===== PROVIDED DATA

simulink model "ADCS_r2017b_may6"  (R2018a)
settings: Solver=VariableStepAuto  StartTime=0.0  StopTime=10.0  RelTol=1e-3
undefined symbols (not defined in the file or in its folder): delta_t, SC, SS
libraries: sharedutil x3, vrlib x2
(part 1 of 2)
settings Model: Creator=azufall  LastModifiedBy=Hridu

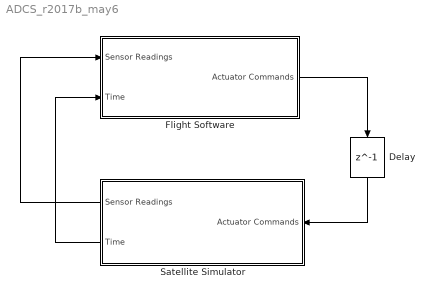
== system ADCS_r2017b_may6 ==
  Delay : Delay  DelayLength=1  InitialCondition=0
  Flight Software : Subsystem
  Satellite Simulator : Subsystem
  wires:
  Flight Software/1(Actuator Commands) -> Delay/1
  Satellite Simulator/2(Time) -> Flight Software/2(Time)
  Satellite Simulator/1(Sensor Readings) -> Flight Software/1(Sensor Readings)
  Delay/1 -> Satellite Simulator/1(Actuator Commands)

== system ADCS_r2017b_may6/Flight Software ==
  Sensor Readings : Inport
  Time : Inport  Port=2
  Bus Selector : BusSelector  OutputSignals=gyro meas,sun meas,star meas
  Resolution Error : Rounding
  Subsystems : Subsystem
  Thrust command : Gain
  Actuator Commands : Outport
  wires:
  Subsystems/1(RCS Command) -> Thrust command/1
  Sensor Readings/1 -> Bus Selector/1
  Bus Selector/1 -> Subsystems/1(Gyro)  "<gyro meas>"
  Bus Selector/3 -> Subsystems/3(Star Tracker)  "<star meas>"
  Time/1 -> Subsystems/4(Time)
  Thrust command/1 -> Resolution Error/1
  Resolution Error/1 -> Actuator Commands/1
  Bus Selector/2 -> Subsystems/2(Sun Sensor)  "<sun meas>"

== system ADCS_r2017b_may6/Satellite Simulator ==
  Actuator Commands : Inport
  Actuators : Subsystem
  Constant : Constant  Value=0
  Environment : Subsystem
  External Forces and Torques : Subsystem
  Kinematics : Subsystem
  Sensors : Subsystem
  Sum : Sum  Inputs=++|
  Sum1 : Sum  Inputs=++|
  Time Model : Subsystem
  Sensor Readings : Outport
  Time : Outport  Port=2
  wires:
  Kinematics/3(Omega) -> Sensors/3(w_body2eci)
  Sensors/1(Sensor Readings) -> Sensor Readings/1
  Time Model/1(JD) -> Kinematics/3(JD), Environment/1(Time), Time/1
  Environment/1(sun_eci) -> Sensors/2(Sun info), External Forces and Torques/4(sun_eci)
  Environment/2(moon_eci) -> External Forces and Torques/5(moon_eci)
  Environment/3(Mag) -> External Forces and Torques/6(Mag)
  External Forces and Torques/1(Ex Forces) -> Sum/2
  Sum/1 -> Kinematics/1(a_eci)
  External Forces and Torques/2(Ex Torques) -> Sum1/2
  Kinematics/2(Velocity) -> External Forces and Torques/2(Velocity)
  Kinematics/4(Coordinate Transforms) -> Environment/3(Coordinate Transforms), Sensors/4(Coordinate Transforms), Actuators/3(Coordinate Transforms), External Forces and Torques/3(Coordinate Transforms)
  Actuators/1(a_eci) -> Sum/1
  Actuators/2(torque_body) -> Sum1/1
  Sum1/1 -> Kinematics/2(Torque_body)
  Kinematics/1(Position) -> Sensors/1(Position), Environment/2(r_eci), External Forces and Torques/1(Position)
  Environment/4(Eclipse) -> Sensors/5(eclipse), External Forces and Torques/7(Eclipse)
  Kinematics/5(q) -> Sensors/6(q_eci2body)
  Actuator Commands/1 -> Actuators/1(RCS Command)
  Constant/1 -> Actuators/2(Other Actuator?)

== system ADCS_r2017b_may6/Flight Software/Subsystems ==
  Gyro : Inport
  Sun Sensor : Inport  Port=2
  Star Tracker : Inport  Port=3
  Time : Inport  Port=4
  Mode Selection : Subsystem
  RCS Controller : Subsystem
  Sensor Processing : Subsystem
  RCS Command : Outport
  wires:
  Gyro/1 -> Sensor Processing/1(Gyro_raw)
  Sun Sensor/1 -> Sensor Processing/2(Sun_raw)
  Star Tracker/1 -> Sensor Processing/3(Star_raw)
  Sensor Processing/1(Gyro_filtered) -> RCS Controller/2(Gyro), Mode Selection/1(Gyro)
  Sensor Processing/4(Eclipse) -> Mode Selection/2(Eclipse)
  Time/1 -> RCS Controller/6(Time), Mode Selection/3(Time)
  RCS Controller/1(RCS_Command) -> RCS Command/1
  Mode Selection/2(S/C Mode) -> RCS Controller/1(Mode)
  Mode Selection/1(Controller Gains) -> RCS Controller/5(Gains)
  Sensor Processing/3(Star_filtered) -> RCS Controller/4(Star)
  Sensor Processing/2(Sun_filtered) -> RCS Controller/3(Sun)

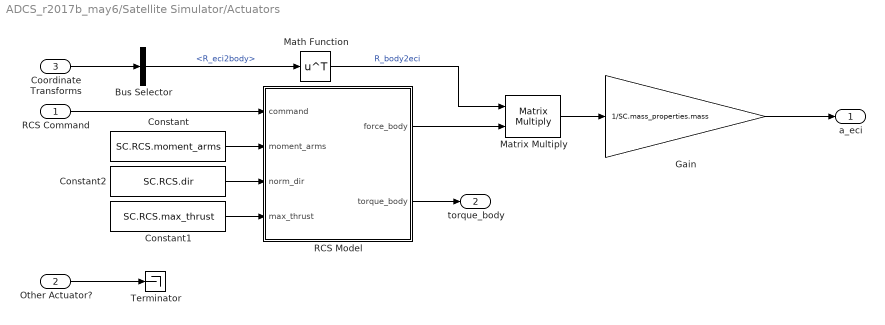
== system ADCS_r2017b_may6/Satellite Simulator/Actuators ==
  RCS Command : Inport
  Other Actuator? : Inport  Port=2
  Coordinate Transforms : Inport  Port=3
  Bus Selector : BusSelector  OutputSignals=R_eci2body
  Constant : Constant  Value=SC.RCS.moment_arms
  Constant1 : Constant  Value=SC.RCS.max_thrust
  Constant2 : Constant  Value=SC.RCS.dir
  Gain : Gain  Gain=1/SC.mass_properties.mass
  Math Function : Math  Operator=transpose  SaturateOnIntegerOverflow=on
  Matrix Multiply : Product  Multiplication=Matrix(*)
  RCS Model : MATLAB Function  TreatAsAtomicUnit=on
  Terminator : Terminator
  a_eci : Outport
  torque_body : Outport  Port=2
  wires:
  RCS Command/1 -> RCS Model/1(command)
  RCS Model/2(torque_body) -> torque_body/1
  Other Actuator?/1 -> Terminator/1
  Coordinate Transforms/1 -> Bus Selector/1
  Bus Selector/1 -> Math Function/1  "<R_eci2body>"
  RCS Model/1(force_body) -> Matrix Multiply/2
  Matrix Multiply/1 -> Gain/1
  Math Function/1 -> Matrix Multiply/1  "R_body2eci"
  Constant/1 -> RCS Model/2(moment_arms)
  Constant1/1 -> RCS Model/4(max_thrust)
  Constant2/1 -> RCS Model/3(norm_dir)
  Gain/1 -> a_eci/1

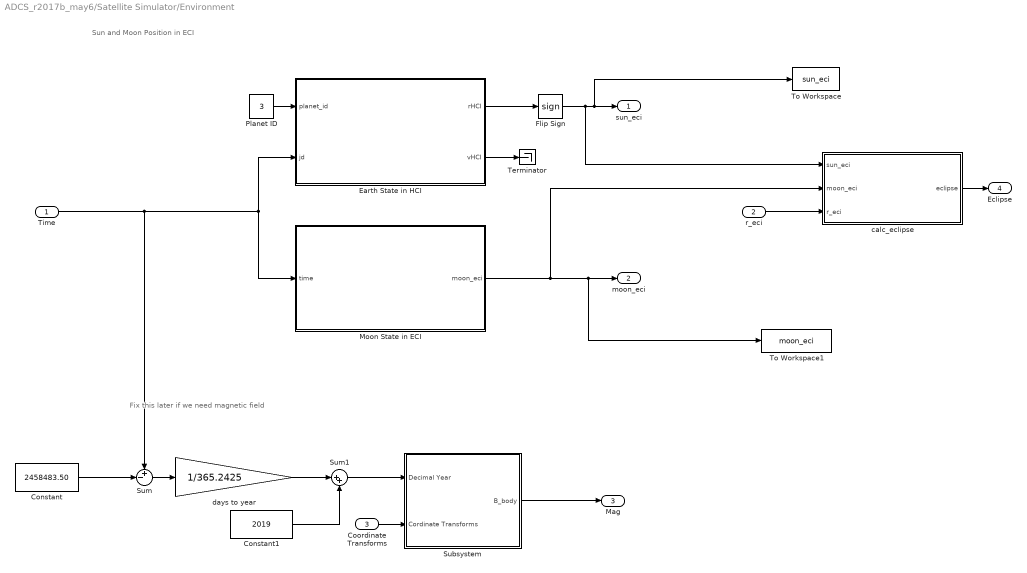
== system ADCS_r2017b_may6/Satellite Simulator/Environment ==
  note: Sun and Moon Position in ECI
  note: Fix this later if we need magnetic field
  Time : Inport
  r_eci : Inport  Port=2
  Coordinate Transforms : Inport  Port=3
  Constant : Constant  Value=2458483.50
  Constant1 : Constant  Value=2019
  Earth State in HCI : MATLAB Function  TreatAsAtomicUnit=on
  Flip Sign : Signum
  Moon State in ECI : MATLAB Function  TreatAsAtomicUnit=on
  Planet ID : Constant  Value=3
  Subsystem : Subsystem
  Sum : Sum  Inputs=+-|
  Sum1 : Sum  Inputs=|++
  Terminator : Terminator
  To Workspace : ToWorkspace  VariableName=sun_eci  SampleTime=-1
  To Workspace1 : ToWorkspace  VariableName=moon_eci  SampleTime=-1
  calc_eclipse : MATLAB Function  TreatAsAtomicUnit=on
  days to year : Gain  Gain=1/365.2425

==========

Each line with the word "Sensors" in the records above belongs in the result; copy all of them.

  Sensors : Subsystem
  Kinematics/3(Omega) -> Sensors/3(w_body2eci)
  Sensors/1(Sensor Readings) -> Sensor Readings/1
  Environment/1(sun_eci) -> Sensors/2(Sun info), External Forces and Torques/4(sun_eci)
  Kinematics/4(Coordinate Transforms) -> Environment/3(Coordinate Transforms), Sensors/4(Coordinate Transforms), Actuators/3(Coordinate Transforms), External Forces and Torques/3(Coordinate Transforms)
  Kinematics/1(Position) -> Sensors/1(Position), Environment/2(r_eci), External Forces and Torques/1(Position)
  Environment/4(Eclipse) -> Sensors/5(eclipse), External Forces and Torques/7(Eclipse)
  Kinematics/5(q) -> Sensors/6(q_eci2body)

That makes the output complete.